§ **Records for this task**
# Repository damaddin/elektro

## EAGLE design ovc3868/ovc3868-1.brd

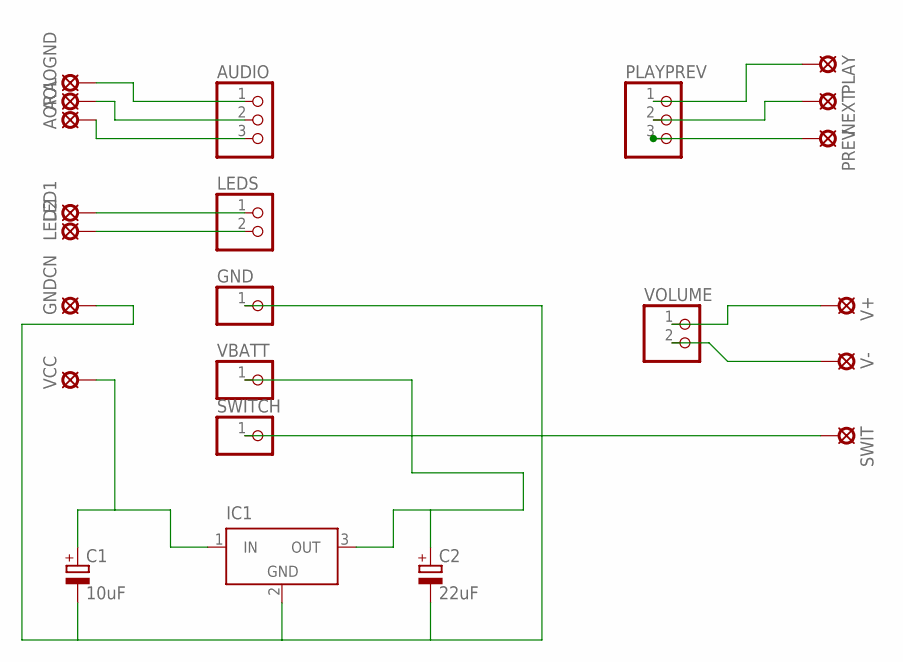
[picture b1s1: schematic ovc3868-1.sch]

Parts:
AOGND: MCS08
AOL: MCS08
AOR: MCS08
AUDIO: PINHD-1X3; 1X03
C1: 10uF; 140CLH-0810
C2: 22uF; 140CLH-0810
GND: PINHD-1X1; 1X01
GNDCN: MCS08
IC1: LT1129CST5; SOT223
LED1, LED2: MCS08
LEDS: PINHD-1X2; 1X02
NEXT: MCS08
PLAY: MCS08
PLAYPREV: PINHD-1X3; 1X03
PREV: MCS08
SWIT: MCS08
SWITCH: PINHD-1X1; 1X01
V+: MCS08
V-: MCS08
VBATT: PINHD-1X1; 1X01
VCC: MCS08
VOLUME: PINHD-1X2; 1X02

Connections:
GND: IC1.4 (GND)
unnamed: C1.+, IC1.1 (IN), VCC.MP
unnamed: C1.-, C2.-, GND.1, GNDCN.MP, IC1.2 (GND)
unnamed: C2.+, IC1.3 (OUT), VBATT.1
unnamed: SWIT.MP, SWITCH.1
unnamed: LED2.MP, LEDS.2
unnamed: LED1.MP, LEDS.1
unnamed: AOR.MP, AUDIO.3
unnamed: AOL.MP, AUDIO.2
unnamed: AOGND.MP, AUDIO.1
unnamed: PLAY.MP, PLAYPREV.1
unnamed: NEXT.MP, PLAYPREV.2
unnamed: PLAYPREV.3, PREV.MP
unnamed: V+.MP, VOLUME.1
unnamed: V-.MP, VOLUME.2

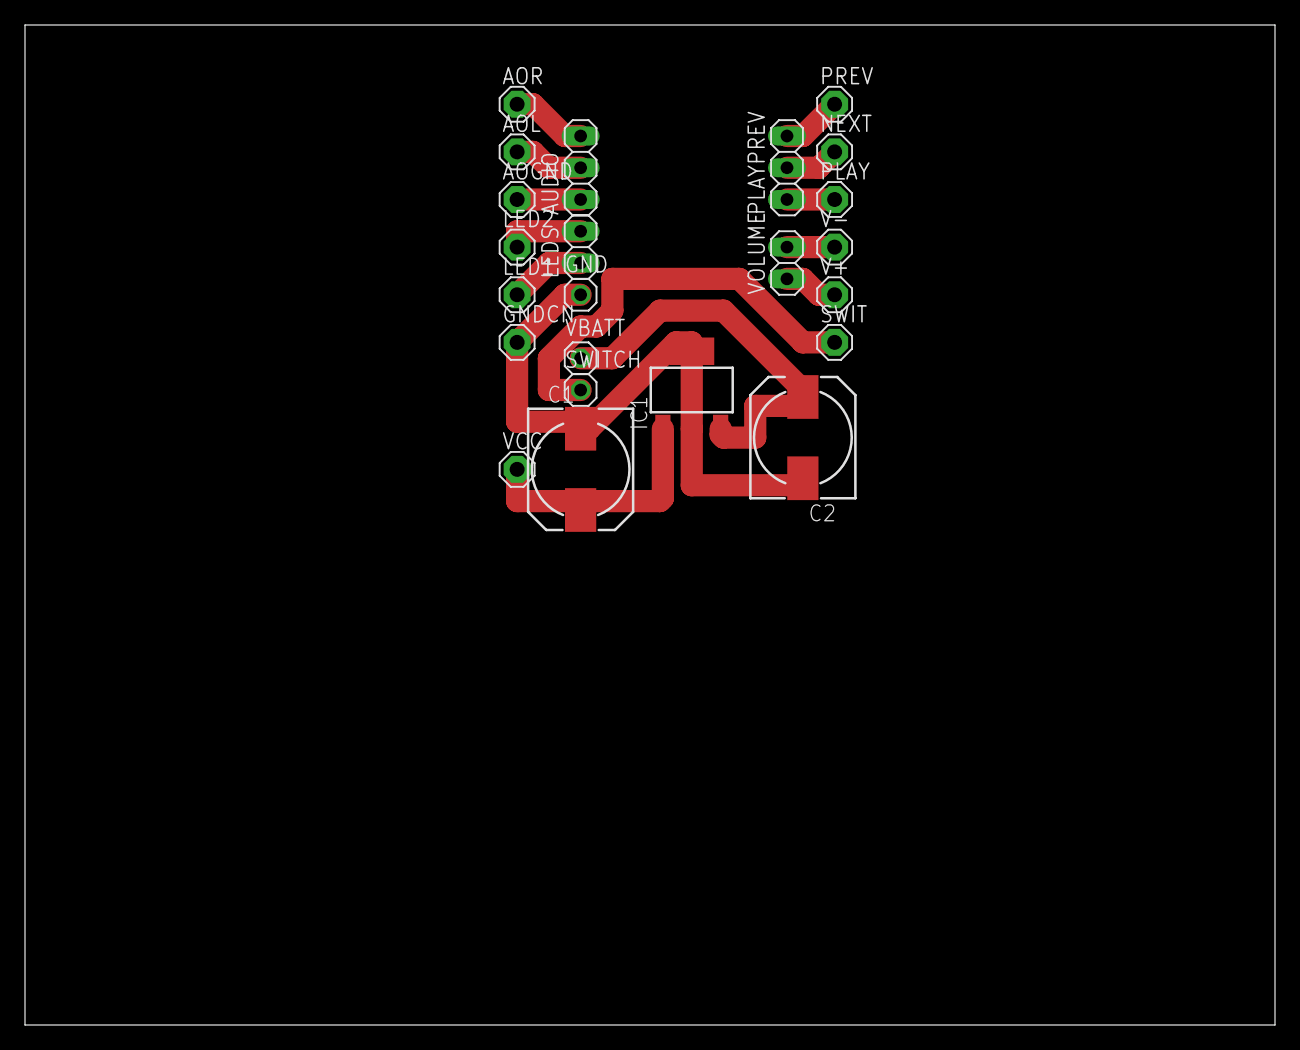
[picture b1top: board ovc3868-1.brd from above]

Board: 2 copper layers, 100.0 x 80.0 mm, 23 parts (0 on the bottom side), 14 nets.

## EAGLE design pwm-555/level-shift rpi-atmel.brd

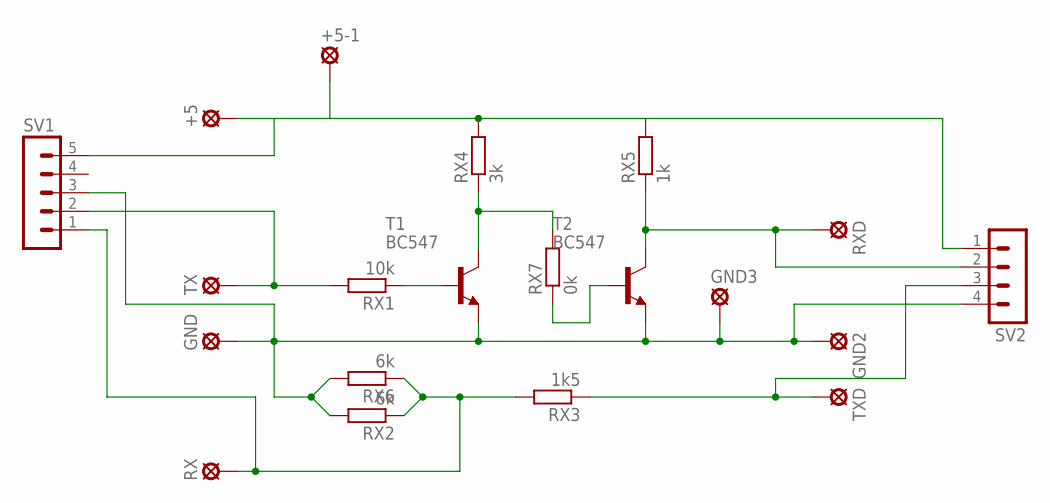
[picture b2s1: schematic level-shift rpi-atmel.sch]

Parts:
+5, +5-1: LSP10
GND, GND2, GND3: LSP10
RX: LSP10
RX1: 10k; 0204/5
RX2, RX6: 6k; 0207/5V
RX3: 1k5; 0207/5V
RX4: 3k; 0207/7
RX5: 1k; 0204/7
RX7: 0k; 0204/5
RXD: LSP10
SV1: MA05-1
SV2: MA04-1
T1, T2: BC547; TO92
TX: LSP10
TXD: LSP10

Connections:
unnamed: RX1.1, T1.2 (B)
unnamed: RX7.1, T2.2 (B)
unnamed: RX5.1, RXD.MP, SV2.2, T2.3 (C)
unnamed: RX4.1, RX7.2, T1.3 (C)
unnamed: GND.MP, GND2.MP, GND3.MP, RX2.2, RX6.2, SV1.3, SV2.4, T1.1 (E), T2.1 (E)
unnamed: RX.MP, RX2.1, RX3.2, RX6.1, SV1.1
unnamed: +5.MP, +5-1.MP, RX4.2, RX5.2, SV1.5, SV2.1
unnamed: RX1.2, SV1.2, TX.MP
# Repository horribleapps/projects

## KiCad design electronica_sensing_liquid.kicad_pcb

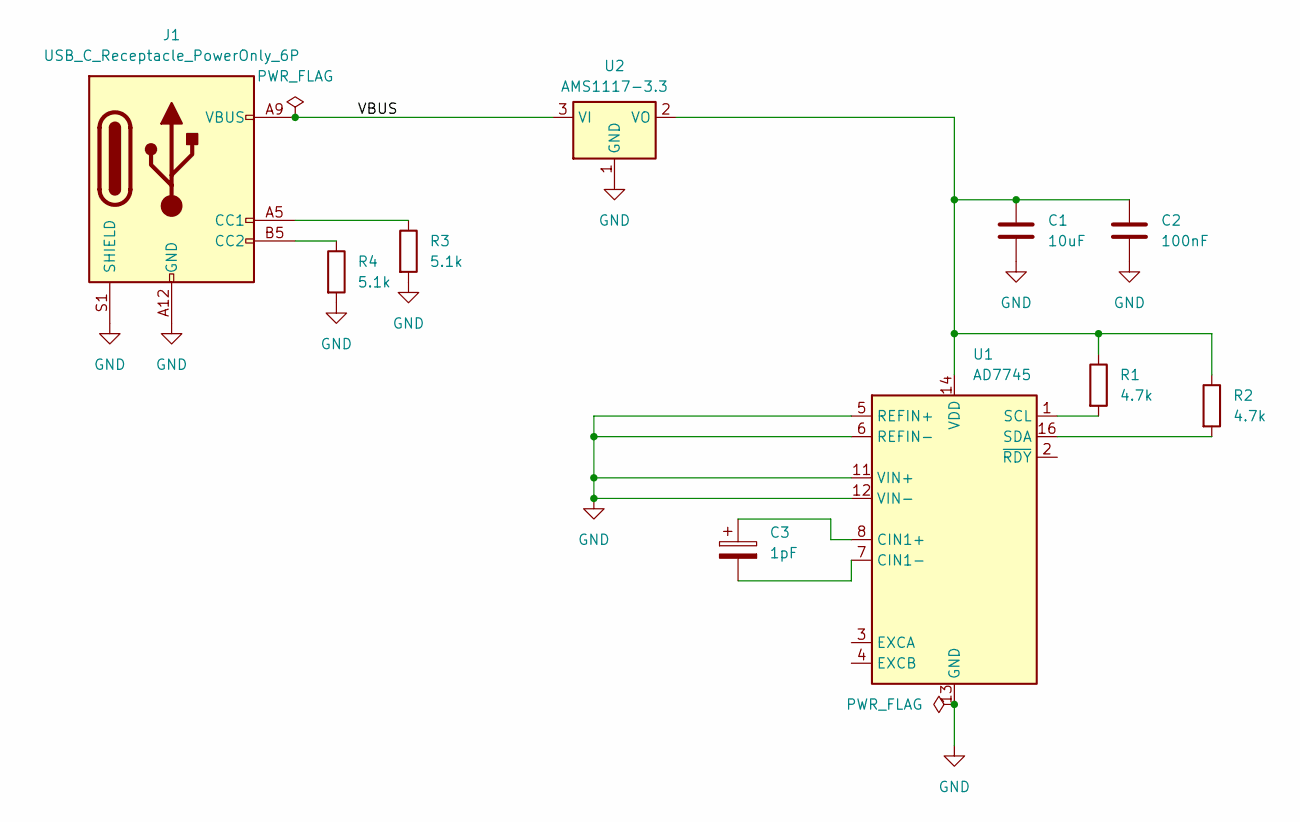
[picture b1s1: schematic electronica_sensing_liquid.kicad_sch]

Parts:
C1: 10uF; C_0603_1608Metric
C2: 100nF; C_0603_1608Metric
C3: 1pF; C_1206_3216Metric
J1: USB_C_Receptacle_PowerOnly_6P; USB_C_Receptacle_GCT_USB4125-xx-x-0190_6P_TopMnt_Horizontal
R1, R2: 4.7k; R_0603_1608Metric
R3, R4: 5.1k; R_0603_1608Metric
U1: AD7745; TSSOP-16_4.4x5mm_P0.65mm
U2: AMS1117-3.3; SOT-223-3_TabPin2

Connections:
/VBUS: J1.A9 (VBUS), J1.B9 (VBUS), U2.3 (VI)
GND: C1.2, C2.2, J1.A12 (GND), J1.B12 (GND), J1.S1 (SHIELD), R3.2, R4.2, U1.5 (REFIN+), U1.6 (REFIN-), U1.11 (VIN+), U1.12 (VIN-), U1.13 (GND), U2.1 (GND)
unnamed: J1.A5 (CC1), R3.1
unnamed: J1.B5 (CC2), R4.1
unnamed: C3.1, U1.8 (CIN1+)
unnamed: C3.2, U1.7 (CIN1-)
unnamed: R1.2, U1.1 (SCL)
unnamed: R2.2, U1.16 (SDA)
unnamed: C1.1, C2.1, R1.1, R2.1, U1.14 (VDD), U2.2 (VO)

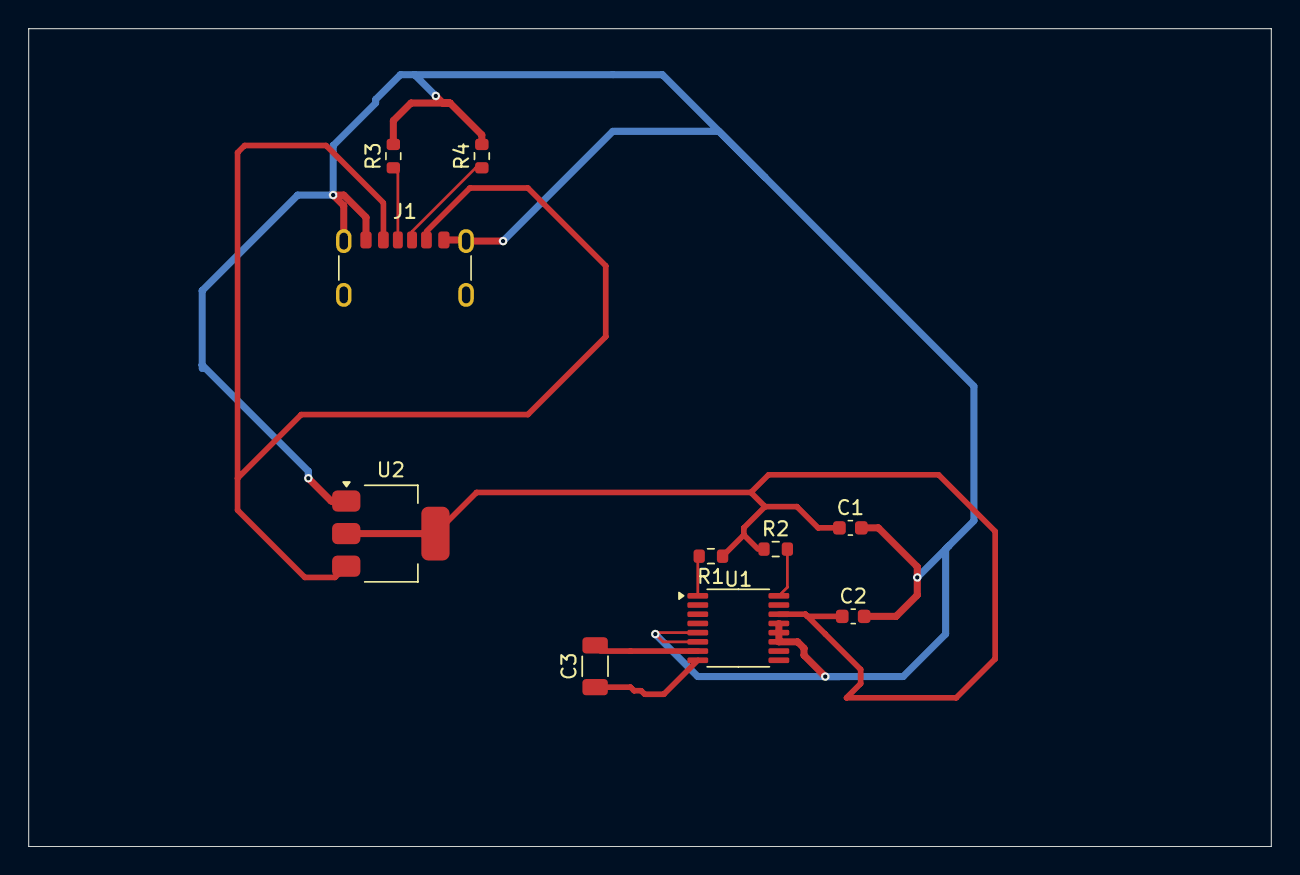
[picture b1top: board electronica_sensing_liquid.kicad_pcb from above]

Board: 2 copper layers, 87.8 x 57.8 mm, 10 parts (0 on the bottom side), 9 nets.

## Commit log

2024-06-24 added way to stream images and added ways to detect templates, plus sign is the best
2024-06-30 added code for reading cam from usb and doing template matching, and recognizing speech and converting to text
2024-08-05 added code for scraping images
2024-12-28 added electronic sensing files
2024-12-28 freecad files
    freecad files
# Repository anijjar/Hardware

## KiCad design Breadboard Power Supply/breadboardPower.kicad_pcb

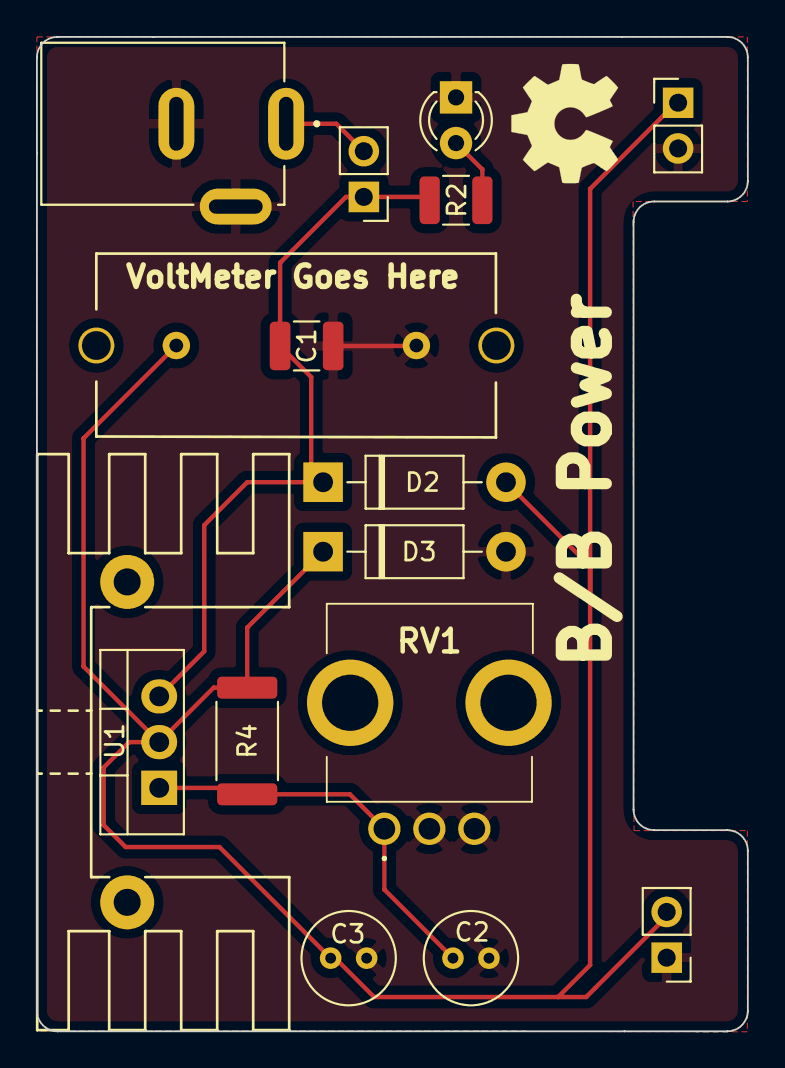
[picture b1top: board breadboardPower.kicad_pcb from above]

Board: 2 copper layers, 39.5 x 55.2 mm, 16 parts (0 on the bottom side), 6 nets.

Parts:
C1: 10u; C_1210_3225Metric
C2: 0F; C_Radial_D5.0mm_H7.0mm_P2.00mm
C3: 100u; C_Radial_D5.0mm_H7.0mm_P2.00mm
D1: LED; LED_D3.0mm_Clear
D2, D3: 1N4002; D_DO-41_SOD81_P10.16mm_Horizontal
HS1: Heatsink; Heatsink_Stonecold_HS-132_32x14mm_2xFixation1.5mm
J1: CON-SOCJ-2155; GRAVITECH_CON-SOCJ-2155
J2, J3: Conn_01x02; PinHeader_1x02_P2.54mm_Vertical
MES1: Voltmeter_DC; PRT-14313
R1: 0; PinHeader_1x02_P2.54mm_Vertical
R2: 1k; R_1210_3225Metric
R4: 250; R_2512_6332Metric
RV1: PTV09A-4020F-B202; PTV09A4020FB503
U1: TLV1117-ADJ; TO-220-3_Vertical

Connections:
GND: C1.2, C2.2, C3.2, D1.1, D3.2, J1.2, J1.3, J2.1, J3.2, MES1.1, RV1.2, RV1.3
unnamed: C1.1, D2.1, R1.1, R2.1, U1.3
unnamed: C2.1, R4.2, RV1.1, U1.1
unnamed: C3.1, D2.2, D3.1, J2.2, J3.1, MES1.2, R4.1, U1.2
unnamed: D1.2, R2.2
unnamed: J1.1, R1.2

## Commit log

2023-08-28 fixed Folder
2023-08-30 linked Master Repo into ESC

§ **About this task**
Your answer should be one number, the count of lines in the records that contain the string "above".

§ **Answer to this task**
3